- Exercise brief: Using the material below, copy every line where "view" appears.

- Listed records:
- - - - -

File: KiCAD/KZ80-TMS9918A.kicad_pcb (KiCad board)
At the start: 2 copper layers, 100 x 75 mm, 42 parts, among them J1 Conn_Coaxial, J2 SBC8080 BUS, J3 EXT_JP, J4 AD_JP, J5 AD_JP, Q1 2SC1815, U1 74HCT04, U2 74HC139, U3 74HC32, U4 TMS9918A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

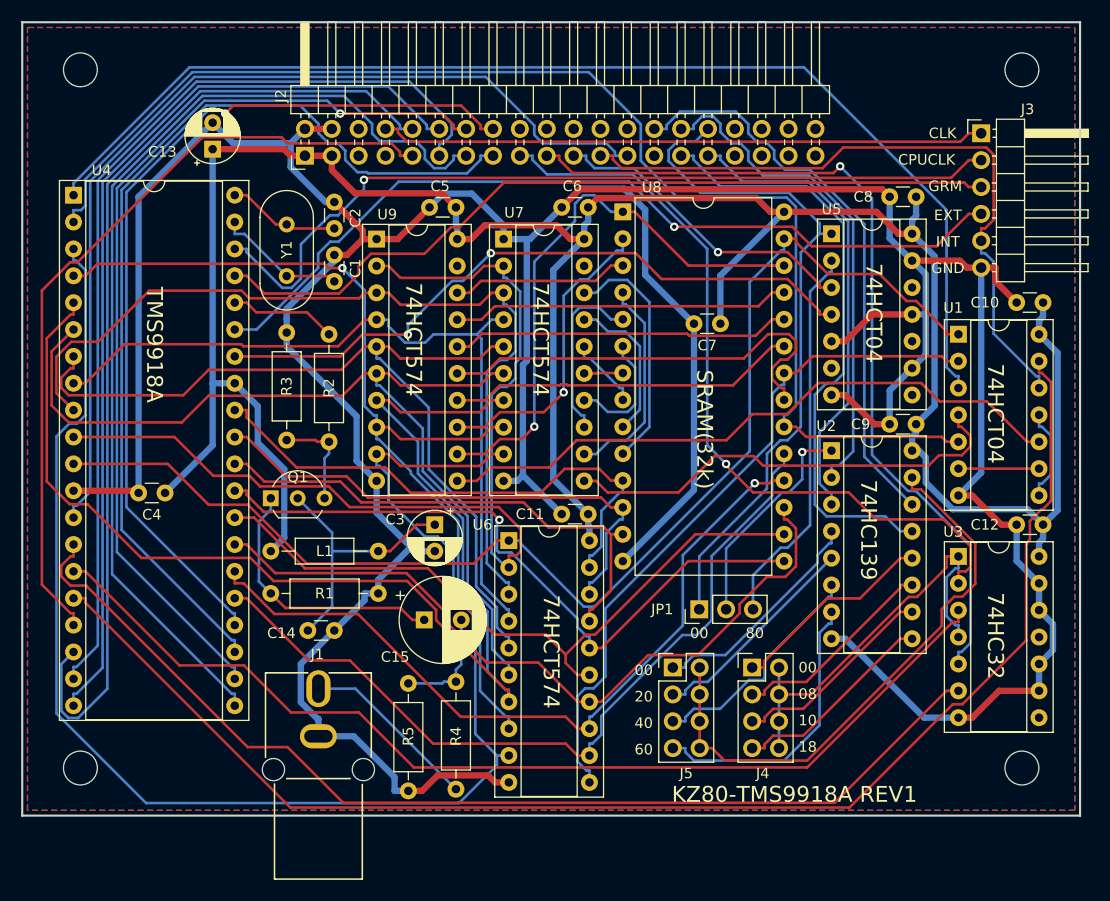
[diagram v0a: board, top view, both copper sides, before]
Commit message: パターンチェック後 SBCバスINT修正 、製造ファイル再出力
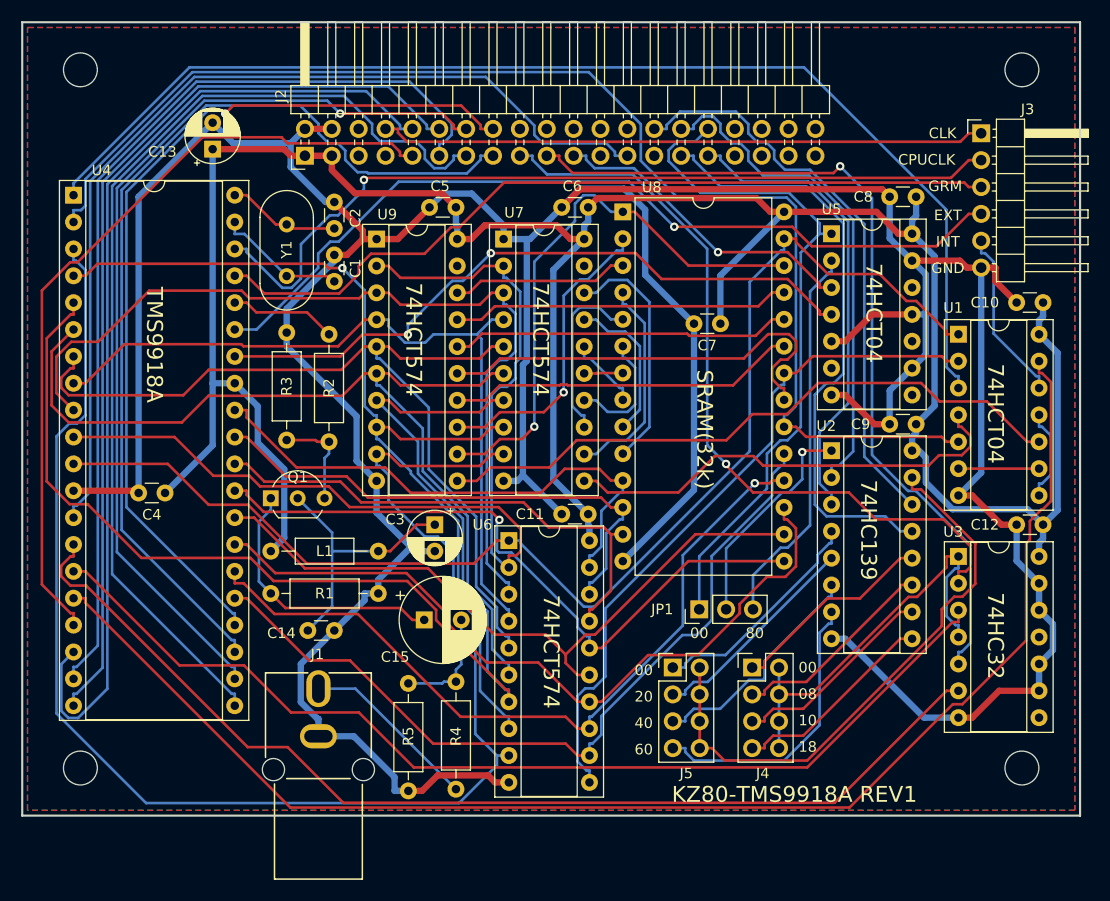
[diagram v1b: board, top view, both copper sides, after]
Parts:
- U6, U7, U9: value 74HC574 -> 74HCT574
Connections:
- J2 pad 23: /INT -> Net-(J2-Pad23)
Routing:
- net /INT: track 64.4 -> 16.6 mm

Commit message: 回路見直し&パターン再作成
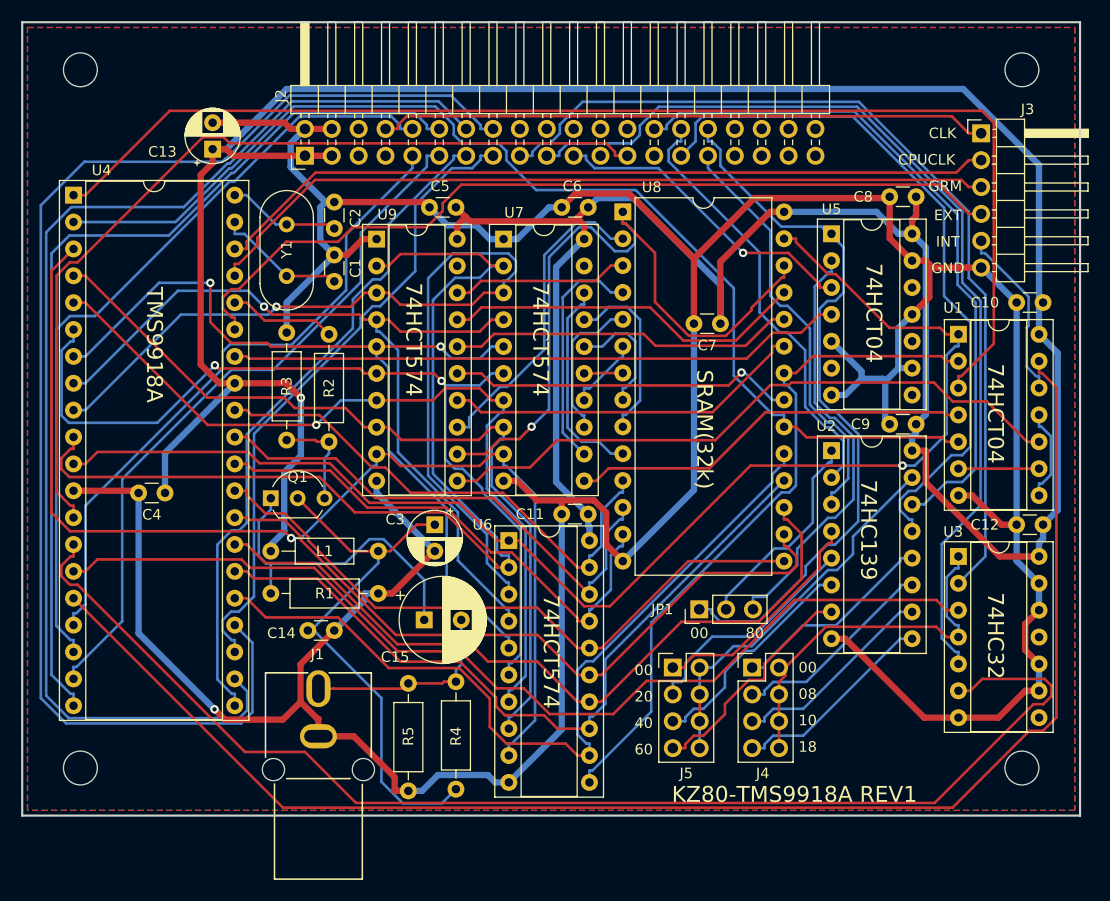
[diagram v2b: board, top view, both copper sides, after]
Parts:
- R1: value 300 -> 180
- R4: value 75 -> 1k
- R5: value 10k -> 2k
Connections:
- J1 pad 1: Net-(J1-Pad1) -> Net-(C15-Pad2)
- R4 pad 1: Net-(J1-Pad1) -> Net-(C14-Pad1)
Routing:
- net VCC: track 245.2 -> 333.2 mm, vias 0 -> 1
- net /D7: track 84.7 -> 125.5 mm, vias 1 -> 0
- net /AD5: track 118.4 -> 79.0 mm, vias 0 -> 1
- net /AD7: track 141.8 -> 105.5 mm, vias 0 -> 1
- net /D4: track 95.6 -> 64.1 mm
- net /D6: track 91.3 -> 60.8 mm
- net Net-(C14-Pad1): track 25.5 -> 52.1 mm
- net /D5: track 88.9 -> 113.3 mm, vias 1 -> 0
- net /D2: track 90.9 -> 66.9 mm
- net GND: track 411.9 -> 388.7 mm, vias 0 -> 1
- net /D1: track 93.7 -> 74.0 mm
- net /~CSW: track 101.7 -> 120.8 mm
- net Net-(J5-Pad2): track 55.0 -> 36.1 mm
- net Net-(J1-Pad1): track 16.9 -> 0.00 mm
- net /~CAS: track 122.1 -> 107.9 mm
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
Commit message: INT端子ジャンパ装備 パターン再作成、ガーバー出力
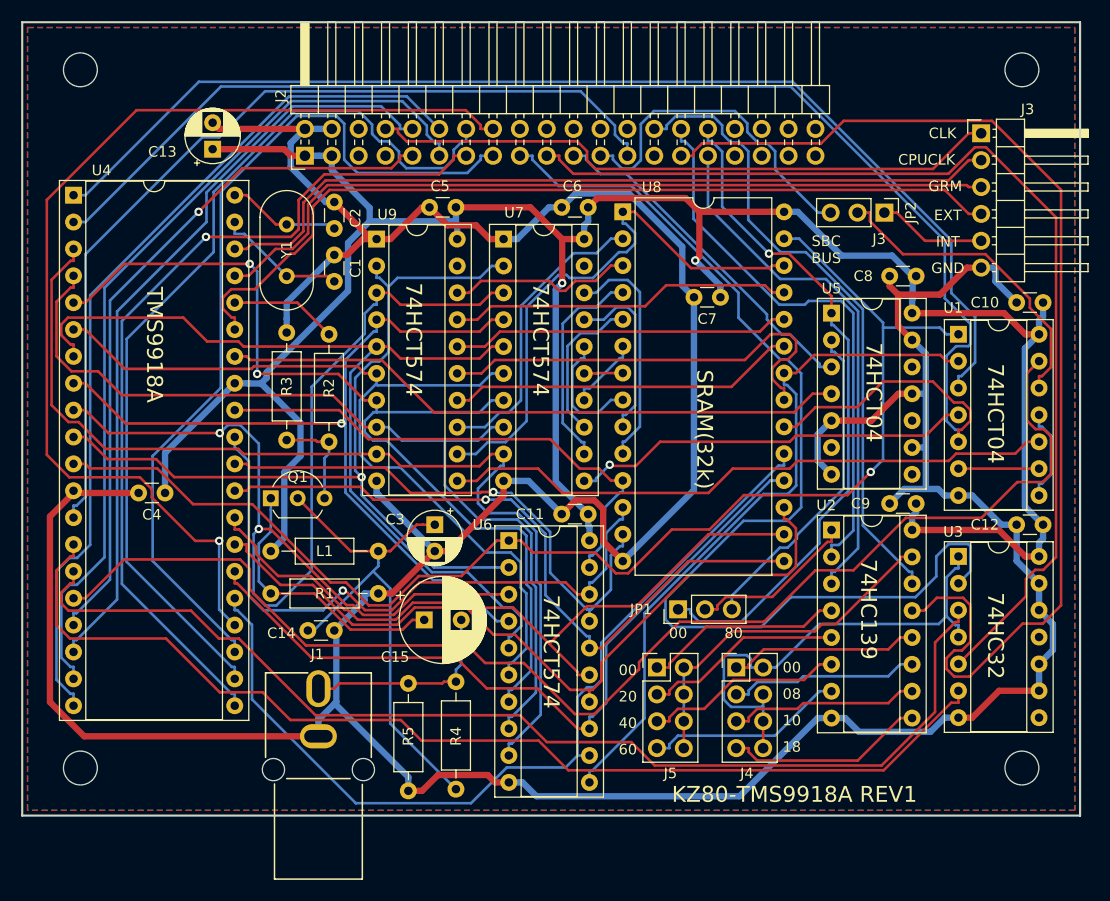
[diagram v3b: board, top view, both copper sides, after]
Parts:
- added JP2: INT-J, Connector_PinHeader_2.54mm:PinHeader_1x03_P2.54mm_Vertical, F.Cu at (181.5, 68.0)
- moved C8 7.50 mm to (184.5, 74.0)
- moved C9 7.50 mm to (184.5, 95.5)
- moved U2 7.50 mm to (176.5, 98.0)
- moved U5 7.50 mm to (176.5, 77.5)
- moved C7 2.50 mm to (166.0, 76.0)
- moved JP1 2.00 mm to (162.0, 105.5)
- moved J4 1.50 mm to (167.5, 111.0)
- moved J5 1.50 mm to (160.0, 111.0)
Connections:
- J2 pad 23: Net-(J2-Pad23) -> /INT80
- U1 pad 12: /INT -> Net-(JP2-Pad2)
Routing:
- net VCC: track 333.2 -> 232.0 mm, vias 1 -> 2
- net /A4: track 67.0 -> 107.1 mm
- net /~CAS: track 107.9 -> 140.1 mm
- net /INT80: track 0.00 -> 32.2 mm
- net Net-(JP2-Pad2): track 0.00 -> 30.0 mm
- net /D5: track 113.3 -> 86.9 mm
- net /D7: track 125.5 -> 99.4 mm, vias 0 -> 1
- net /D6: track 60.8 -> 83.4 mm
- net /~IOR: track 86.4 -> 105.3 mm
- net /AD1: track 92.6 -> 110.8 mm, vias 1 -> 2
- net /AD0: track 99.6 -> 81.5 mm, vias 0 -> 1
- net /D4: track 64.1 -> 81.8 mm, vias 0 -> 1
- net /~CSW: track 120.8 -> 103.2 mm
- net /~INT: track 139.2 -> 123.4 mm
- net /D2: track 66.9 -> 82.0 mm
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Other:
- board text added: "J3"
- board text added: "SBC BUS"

- - - - -

- Exercise solution:
[diagram v0a: board, top view, both copper sides, before]
[diagram v1b: board, top view, both copper sides, after]
[diagram v2b: board, top view, both copper sides, after]
[diagram v3b: board, top view, both copper sides, after]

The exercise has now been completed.